- [GIVEN RECORDS]:
• • • •
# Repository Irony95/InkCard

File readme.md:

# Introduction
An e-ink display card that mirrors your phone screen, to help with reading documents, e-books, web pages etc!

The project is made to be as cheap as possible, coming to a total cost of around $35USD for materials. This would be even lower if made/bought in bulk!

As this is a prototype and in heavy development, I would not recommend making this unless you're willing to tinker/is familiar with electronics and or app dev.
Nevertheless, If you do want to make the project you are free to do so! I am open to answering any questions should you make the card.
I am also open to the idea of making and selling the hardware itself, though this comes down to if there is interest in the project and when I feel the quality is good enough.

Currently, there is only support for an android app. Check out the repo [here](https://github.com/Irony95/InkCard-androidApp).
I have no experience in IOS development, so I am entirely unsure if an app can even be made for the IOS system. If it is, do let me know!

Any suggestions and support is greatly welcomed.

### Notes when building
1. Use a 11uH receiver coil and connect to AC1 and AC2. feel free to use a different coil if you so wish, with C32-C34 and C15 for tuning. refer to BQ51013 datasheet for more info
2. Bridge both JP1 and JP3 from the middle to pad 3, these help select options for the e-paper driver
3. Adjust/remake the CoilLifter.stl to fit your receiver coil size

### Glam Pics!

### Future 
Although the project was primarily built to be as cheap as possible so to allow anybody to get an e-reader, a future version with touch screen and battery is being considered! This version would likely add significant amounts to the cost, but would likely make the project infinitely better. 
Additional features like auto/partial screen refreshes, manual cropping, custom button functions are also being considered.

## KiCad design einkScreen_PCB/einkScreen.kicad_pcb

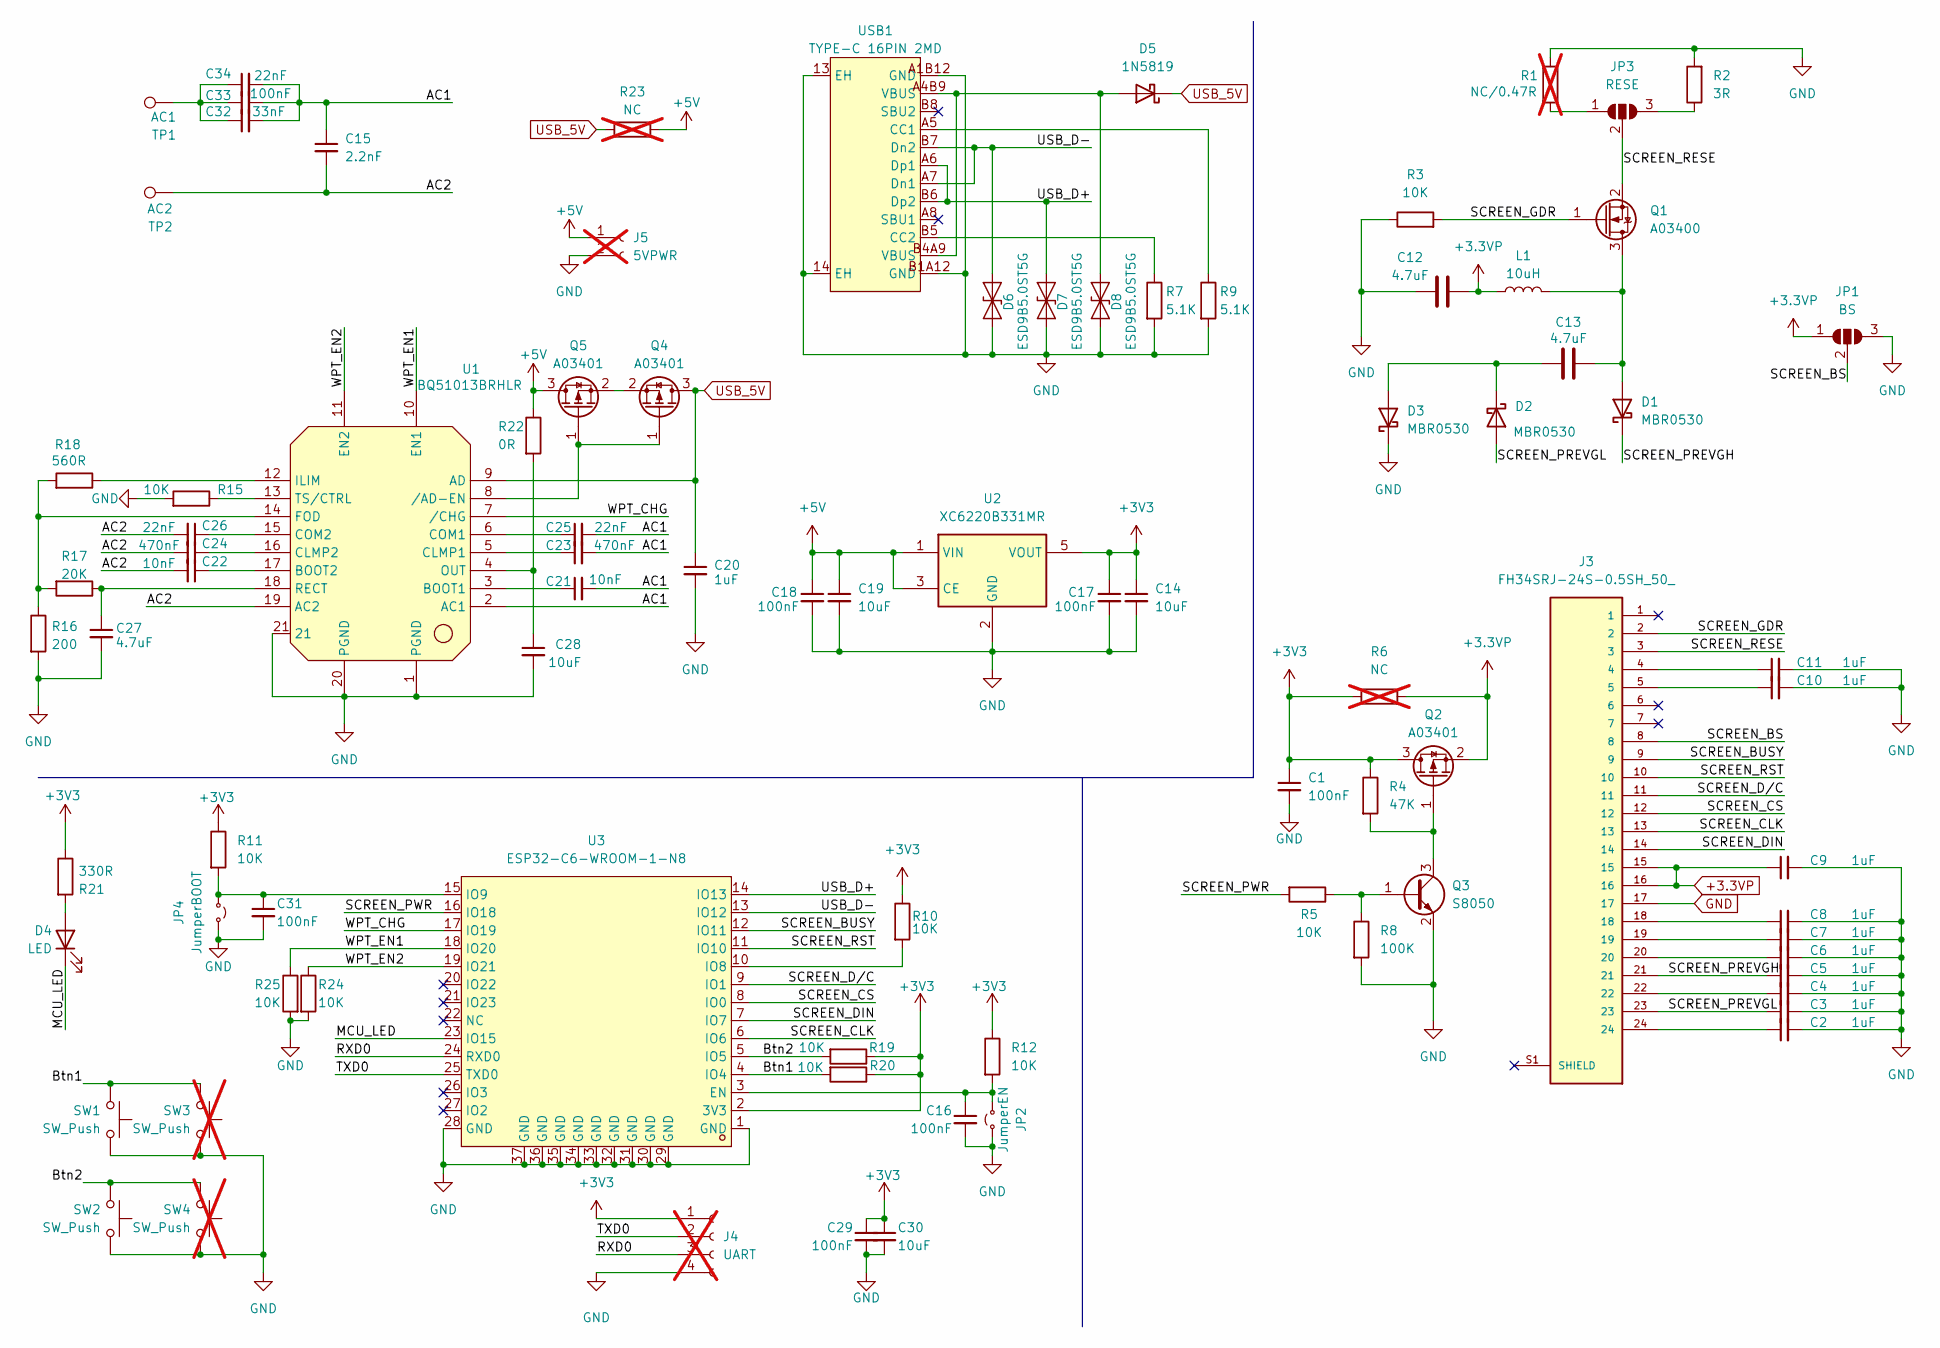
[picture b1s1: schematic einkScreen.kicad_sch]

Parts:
C1, C16, C17, C18, C29, C31, C33: 100nF; C_0805_2012Metric; LCSC C28233
C2, C3, C4, C5, C6, C7, C8, C9, C10, C11, C20: 1uF; C_0805_2012Metric; LCSC C28323
C12, C13, C27: 4.7uF; C_0805_2012Metric; LCSC C1779
C14, C19, C28, C30: 10uF; C_0805_2012Metric; LCSC C15850
C15: 2.2nF; C_0805_2012Metric; LCSC C28260
C21, C22: 10nF; C_0805_2012Metric; LCSC C1710
C23, C24: 470nF; C_0805_2012Metric; LCSC C13967
C25, C26, C34: 22nF; C_0805_2012Metric; LCSC C1729
C32: 33nF; C_0805_2012Metric; LCSC C1739
D1, D2, D3: MBR0530; D_SOD-123; LCSC C18863
D4: LED; LED_0805_2012Metric; LCSC C84256
D5: 1N5819; D_SOD-123; LCSC C82544
D6, D7, D8: ESD9B5.0ST5G; D_SOD-923; LCSC C111566
J3: FH34SRJ-24S-0.5SH_50_; HRS_FH34SRJ-24S-0.5SH_50_; LCSC C324726
J4: UART; PinSocket_1x04_P2.54mm_Vertical; not fitted
J5: 5VPWR; PinSocket_1x02_P2.54mm_Vertical; not fitted
JP1: BS; SolderJumper-3_P1.3mm_Open_RoundedPad1.0x1.5mm_NumberLabels
JP2: JumperEN; TestPoint_2Pads_Pitch2.54mm_Drill0.8mm
JP3: RESE; SolderJumper-3_P1.3mm_Open_RoundedPad1.0x1.5mm_NumberLabels
JP4: JumperBOOT; TestPoint_2Pads_Pitch2.54mm_Drill0.8mm
L1: 10uH; L_1210_3225Metric; LCSC C60541
Q1: A03400; TSOT-23; LCSC C20917
Q2, Q4, Q5: A03401; TSOT-23; LCSC C15127
Q3: S8050; TSOT-23; LCSC C2146
R1: NC/0.47R; R_0805_2012Metric; not fitted
R2: 3R; R_0805_2012Metric; LCSC C17660
R3, R5, R10, R11, R12, R15, R19, R20, R24, R25: 10K; R_0805_2012Metric; LCSC C17414
R4: 47K; R_0805_2012Metric; LCSC C17713
R6, R23: NC; R_0805_2012Metric; not fitted
R7, R9: 5.1K; R_0805_2012Metric; LCSC C27834
R8: 100K; R_0805_2012Metric; LCSC C149504
R16: 200; R_0805_2012Metric; LCSC C17540
R17: 20K; R_0805_2012Metric; LCSC C4328
R18: 560R; R_0805_2012Metric; LCSC C28636
R21: 330R; R_0805_2012Metric; LCSC C17630
R22: 0R; R_0805_2012Metric; LCSC C17477
SW1, SW2: SW_Push; Panasonic_EVQPUL_EVQPUC; LCSC C79174
SW3, SW4: SW_Push; KEY-SMD_L4.0-W3.0-LS4.9-1; not fitted
TP1: AC1; TestPoint_Pad_D3.0mm
TP2: AC2; TestPoint_Pad_D3.0mm
U1: BQ51013BRHLR; VQFN-20_L4.5-W3.5-P0.50-BL-EP_BQ24100RHLR; MPN BQ51013BRHLR; LCSC Part C55663
U2: XC6220B331MR; SOT-23-5; LCSC C22466451
U3: ESP32-C6-WROOM-1-N8; WIRELM-SMD_ESP32-C6-WROOM-1; MPN ESP32-C6-WROOM-1-N8; LCSC Part C5366877
USB1: TYPE-C 16PIN 2MD; USB-C-SMD_TYPE-C-16PIN-2MD-073; MPN TYPE-C 16PIN 2MD(073); LCSC Part C2765186

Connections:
+3.3VP: C9.1, C12.2, J3.15, J3.16, JP1.1 (A), L1.1, Q2.2 (S), R6.2
+3V3: C1.1, C14.1, C17.1, C29.1, C30.1, J4.1, Q2.3 (D), R4.1, R6.1, R10.1, R11.1, R12.1, R19.1, R20.1, R21.1, U2.5 (VOUT), U3.2 (3V3)
+5V: C18.1, C19.1, J5.1, Q5.3 (D), R22.1, R23.2, U2.1 (VIN), U2.3 (CE)
/AC1: C15.1, C21.2, C23.2, C25.2, C32.2, C33.2, C34.2, U1.2 (AC1)
/AC2: C15.2, C22.2, C24.2, C26.2, TP2.1 (1_1), U1.19 (AC2)
/Btn1: R20.2, SW1.2, SW3.2, U3.4 (IO4)
/Btn2: R19.2, SW2.2, SW4.2, U3.5 (IO5)
/MCU_LED: D4.1 (K), U3.23 (IO15)
/RXD0: J4.3, U3.24 (RXD0)
/SCREEN_BS: J3.8, JP1.2 (C)
/SCREEN_BUSY: J3.9, U3.12 (IO11)
/SCREEN_CLK: J3.13, U3.6 (IO6)
/SCREEN_CS: J3.12, U3.8 (IO0)
/SCREEN_DIN: J3.14, U3.7 (IO7)
/SCREEN_D/C: J3.11, U3.9 (IO1)
/SCREEN_GDR: J3.2, Q1.1 (G), R3.2
/SCREEN_PREVGH: C5.1, D1.1 (K), J3.21
/SCREEN_PREVGL: C3.1, D2.2 (A), J3.23
/SCREEN_PWR: R5.2, U3.16 (IO18)
/SCREEN_RESE: J3.3, JP3.2 (C), Q1.2 (S)
/SCREEN_RST: J3.10, U3.11 (IO10)
/TXD0: J4.2, U3.25 (TXD0)
/USB_D+: D7.2 (A2), U3.14 (IO13), USB1.A6 (Dp1), USB1.B6 (Dp2)
/USB_D-: D6.2 (A2), U3.13 (IO12), USB1.A7 (Dn1), USB1.B7 (Dn2)
/WPT_CHG: U1.7 (/CHG), U3.17 (IO19)
/WPT_EN1: R25.1, U1.10 (EN1), U3.18 (IO20)
/WPT_EN2: R24.1, U1.11 (EN2), U3.19 (IO21)
GND: C1.2, C2.2, C3.2, C4.2, C5.2, C6.2, C7.2, C8.2, C9.2, C10.2, C11.2, C12.1, C14.2, C16.2, C17.2, C18.2, C19.2, C20.2, C27.2, C28.2, C29.2, C30.2, C31.2, D3.1 (K), D6.1 (A1), D7.1 (A1), D8.1 (A1), J3.17, J4.4, J5.2, JP1.3 (B), JP2.2 (B), JP4.2 (B), Q3.2 (E), R1.1, R2.2, R3.1, R7.2, R8.2, R9.2, R15.2, R16.2, R24.2, R25.2, SW1.1, SW2.1, SW3.1, SW4.1, U1.1 (PGND), U1.20 (PGND), U1.21, U2.2 (GND), U3.1 (GND), U3.28 (GND), U3.29 (GND), U3.30 (GND), U3.31 (GND), U3.32 (GND), U3.33 (GND), U3.34 (GND), U3.35 (GND), U3.36 (GND), U3.37 (GND), USB1.13 (EH), USB1.14 (EH), USB1.A1B12 (GND), USB1.B1A12 (GND)
unnamed: C2.1, J3.24
unnamed: C4.1, J3.22
unnamed: C6.1, J3.20
unnamed: C7.1, J3.19
unnamed: C8.1, J3.18
unnamed: C10.1, J3.5
unnamed: C11.1, J3.4
unnamed: C32.1, C33.1, C34.1, TP1.1 (1_1)
unnamed: C13.2, D1.2 (A), L1.2, Q1.3 (D)
unnamed: C13.1, D2.1 (K), D3.2 (A)
unnamed: D4.2 (A), R21.2
unnamed: D5.2 (A), D8.2 (A2), USB1.A4B9 (VBUS), USB1.B4A9 (VBUS)
unnamed: C16.1, JP2.1 (A), R12.2, U3.3 (EN)
unnamed: JP3.1 (A), R1.2
unnamed: JP3.3 (B), R2.1
unnamed: C31.1, JP4.1 (A), R11.2, U3.15 (IO9)
unnamed: Q2.1 (G), Q3.3 (C), R4.2
unnamed: Q3.1 (B), R5.1, R8.1
unnamed: Q4.1 (G), Q5.1 (G), U1.8 (/AD-EN)
unnamed: Q4.2 (S), Q5.2 (S)
unnamed: C21.1, U1.3 (BOOT1)
unnamed: C22.1, U1.17 (BOOT2)
unnamed: C23.1, U1.5 (CLMP1)
unnamed: C24.1, U1.16 (CLMP2)
unnamed: C25.1, U1.6 (COM1)
unnamed: C26.1, U1.15 (COM2)
unnamed: R16.1, R17.2, R18.2, U1.14 (FOD)
unnamed: R18.1, U1.12 (ILIM)
unnamed: C28.1, R22.2, U1.4 (OUT)
unnamed: C27.1, R17.1, U1.18 (RECT)
unnamed: R15.1, U1.13 (TS/CTRL)
unnamed: R10.2, U3.10 (IO8)
unnamed: R9.1, USB1.A5 (CC1)
unnamed: R7.1, USB1.B5 (CC2)
USB_5V: C20.1, D5.1 (K), Q4.3 (D), R23.1, U1.9 (AD)

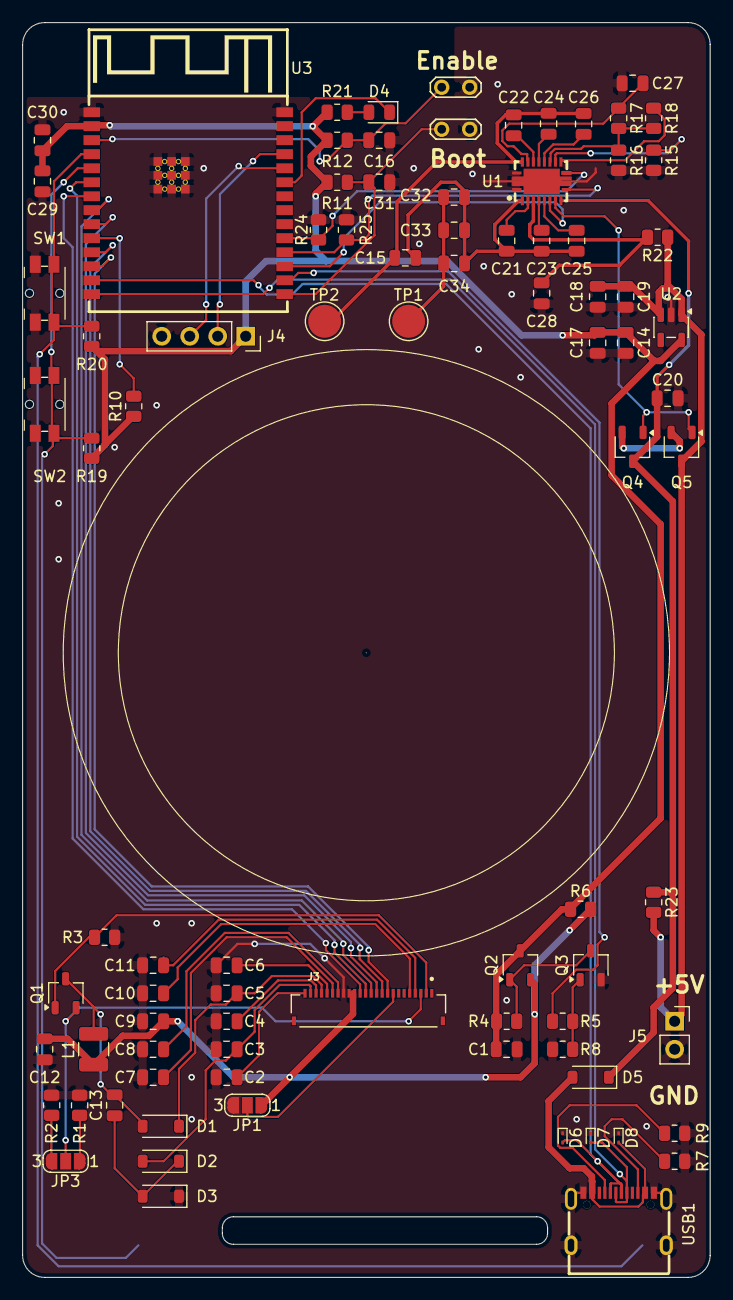
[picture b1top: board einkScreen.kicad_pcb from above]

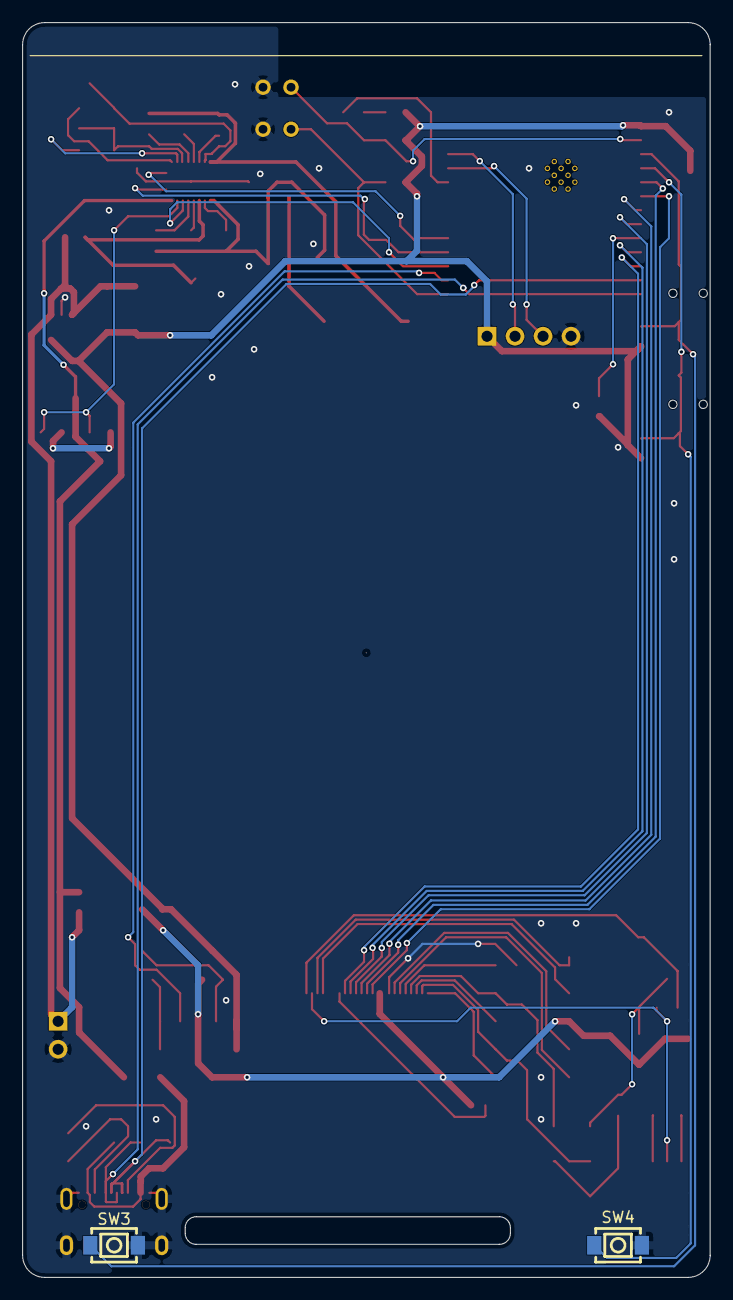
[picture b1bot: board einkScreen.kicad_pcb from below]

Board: 2 copper layers, 62.4 x 113.8 mm, 88 parts (2 on the bottom side), 63 nets.

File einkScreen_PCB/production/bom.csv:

Designator,Footprint,Quantity,Value,LCSC Part #
"C1, C16, C17, C18, C29, C31, C33",0805,7,100nF,C28233
"C10, C11, C2, C20, C3, C4, C5, C6, C7, C8, C9",0805,11,1uF,C28323
"C12, C13, C27",0805,3,4.7uF,C1779
"C14, C19, C28, C30",0805,4,10uF,C15850
C15,0805,1,2.2nF,C28260
"C21, C22",0805,2,10nF,C1710
"C23, C24",0805,2,470nF,C13967
"C25, C26, C34",0805,3,22nF,C1729
C32,0805,1,33nF,C1739
"D1, D2, D3",D_SOD-123,3,MBR0530,C18863
D4,0805,1,LED,C84256
D5,D_SOD-123,1,1N5819,C82544
"D6, D7, D8",D_SOD-923,3,ESD9B5.0ST5G,C111566
J3,HRS_FH34SRJ-24S-0.5SH_50_,1,FH34SRJ-24S-0.5SH_50_,C324726
JP2,TestPoint_2Pads_Pitch2.54mm_Drill0.8mm,1,JumperEN,
JP4,TestPoint_2Pads_Pitch2.54mm_Drill0.8mm,1,JumperBOOT,
L1,1210,1,10uH,C60541
Q1,TSOT-23,1,A03400,C20917
"Q2, Q4, Q5",TSOT-23,3,A03401,C15127
Q3,TSOT-23,1,S8050,C2146
"R10, R11, R12, R15, R19, R20, R24, R25, R3, R5",0805,10,10K,C17414
R16,0805,1,200,C17540
R17,0805,1,20K,C4328
R18,0805,1,560R,C28636
R2,0805,1,3R,C17660
R21,0805,1,330R,C17630
R22,0805,1,0R,C17477
R4,0805,1,47K,C17713
"R7, R9",0805,2,5.1K,C27834
R8,0805,1,100K,C149504
"SW1, SW2",Panasonic_EVQPUL_EVQPUC,2,SW_Push,C79174
TP1,TestPoint_Pad_D3.0mm,1,AC1,
TP2,TestPoint_Pad_D3.0mm,1,AC2,
U1,VQFN-20_L4.5-W3.5-P0.50-BL-EP_BQ24100RHLR,1,BQ51013BRHLR,C55663
U2,SOT-23-5,1,XC6220B331MR,C22466451
U3,WIRELM-SMD_ESP32-C6-WROOM-1,1,ESP32-C6-WROOM-1-N8,C5366877
USB1,USB-C-SMD_TYPE-C-16PIN-2MD-073,1,TYPE-C 16PIN 2MD,C2765186

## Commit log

2026-04-18 nfc version
2026-05-25 working BLE
2026-06-02 working kinda
2026-06-20 still working
2026-06-23 fixed card issues
2026-06-23 added simple readme.md file
2026-06-23 Update readme.md with some pics
2026-06-23 Update readme styling
2026-06-24 deleted Platform IO version, too lazy to configure
• • • •
- [INSTRUCTIONS FOR THE TASK]: With the first line being the one containing "C23, C24: 470nF;" and the last line the one containing "U3: ESP32-C6-WROOM-1-N8; WIRELM-SMD_ESP32-C6-WROOM-1;", transcribe exactly the lines above that fall in that range.

- [EXPECTED OUTPUT]:
C23, C24: 470nF; C_0805_2012Metric; LCSC C13967
C25, C26, C34: 22nF; C_0805_2012Metric; LCSC C1729
C32: 33nF; C_0805_2012Metric; LCSC C1739
D1, D2, D3: MBR0530; D_SOD-123; LCSC C18863
D4: LED; LED_0805_2012Metric; LCSC C84256
D5: 1N5819; D_SOD-123; LCSC C82544
D6, D7, D8: ESD9B5.0ST5G; D_SOD-923; LCSC C111566
J3: FH34SRJ-24S-0.5SH_50_; HRS_FH34SRJ-24S-0.5SH_50_; LCSC C324726
J4: UART; PinSocket_1x04_P2.54mm_Vertical; not fitted
J5: 5VPWR; PinSocket_1x02_P2.54mm_Vertical; not fitted
JP1: BS; SolderJumper-3_P1.3mm_Open_RoundedPad1.0x1.5mm_NumberLabels
JP2: JumperEN; TestPoint_2Pads_Pitch2.54mm_Drill0.8mm
JP3: RESE; SolderJumper-3_P1.3mm_Open_RoundedPad1.0x1.5mm_NumberLabels
JP4: JumperBOOT; TestPoint_2Pads_Pitch2.54mm_Drill0.8mm
L1: 10uH; L_1210_3225Metric; LCSC C60541
Q1: A03400; TSOT-23; LCSC C20917
Q2, Q4, Q5: A03401; TSOT-23; LCSC C15127
Q3: S8050; TSOT-23; LCSC C2146
R1: NC/0.47R; R_0805_2012Metric; not fitted
R2: 3R; R_0805_2012Metric; LCSC C17660
R3, R5, R10, R11, R12, R15, R19, R20, R24, R25: 10K; R_0805_2012Metric; LCSC C17414
R4: 47K; R_0805_2012Metric; LCSC C17713
R6, R23: NC; R_0805_2012Metric; not fitted
R7, R9: 5.1K; R_0805_2012Metric; LCSC C27834
R8: 100K; R_0805_2012Metric; LCSC C149504
R16: 200; R_0805_2012Metric; LCSC C17540
R17: 20K; R_0805_2012Metric; LCSC C4328
R18: 560R; R_0805_2012Metric; LCSC C28636
R21: 330R; R_0805_2012Metric; LCSC C17630
R22: 0R; R_0805_2012Metric; LCSC C17477
SW1, SW2: SW_Push; Panasonic_EVQPUL_EVQPUC; LCSC C79174
SW3, SW4: SW_Push; KEY-SMD_L4.0-W3.0-LS4.9-1; not fitted
TP1: AC1; TestPoint_Pad_D3.0mm
TP2: AC2; TestPoint_Pad_D3.0mm
U1: BQ51013BRHLR; VQFN-20_L4.5-W3.5-P0.50-BL-EP_BQ24100RHLR; MPN BQ51013BRHLR; LCSC Part C55663
U2: XC6220B331MR; SOT-23-5; LCSC C22466451
U3: ESP32-C6-WROOM-1-N8; WIRELM-SMD_ESP32-C6-WROOM-1; MPN ESP32-C6-WROOM-1-N8; LCSC Part C5366877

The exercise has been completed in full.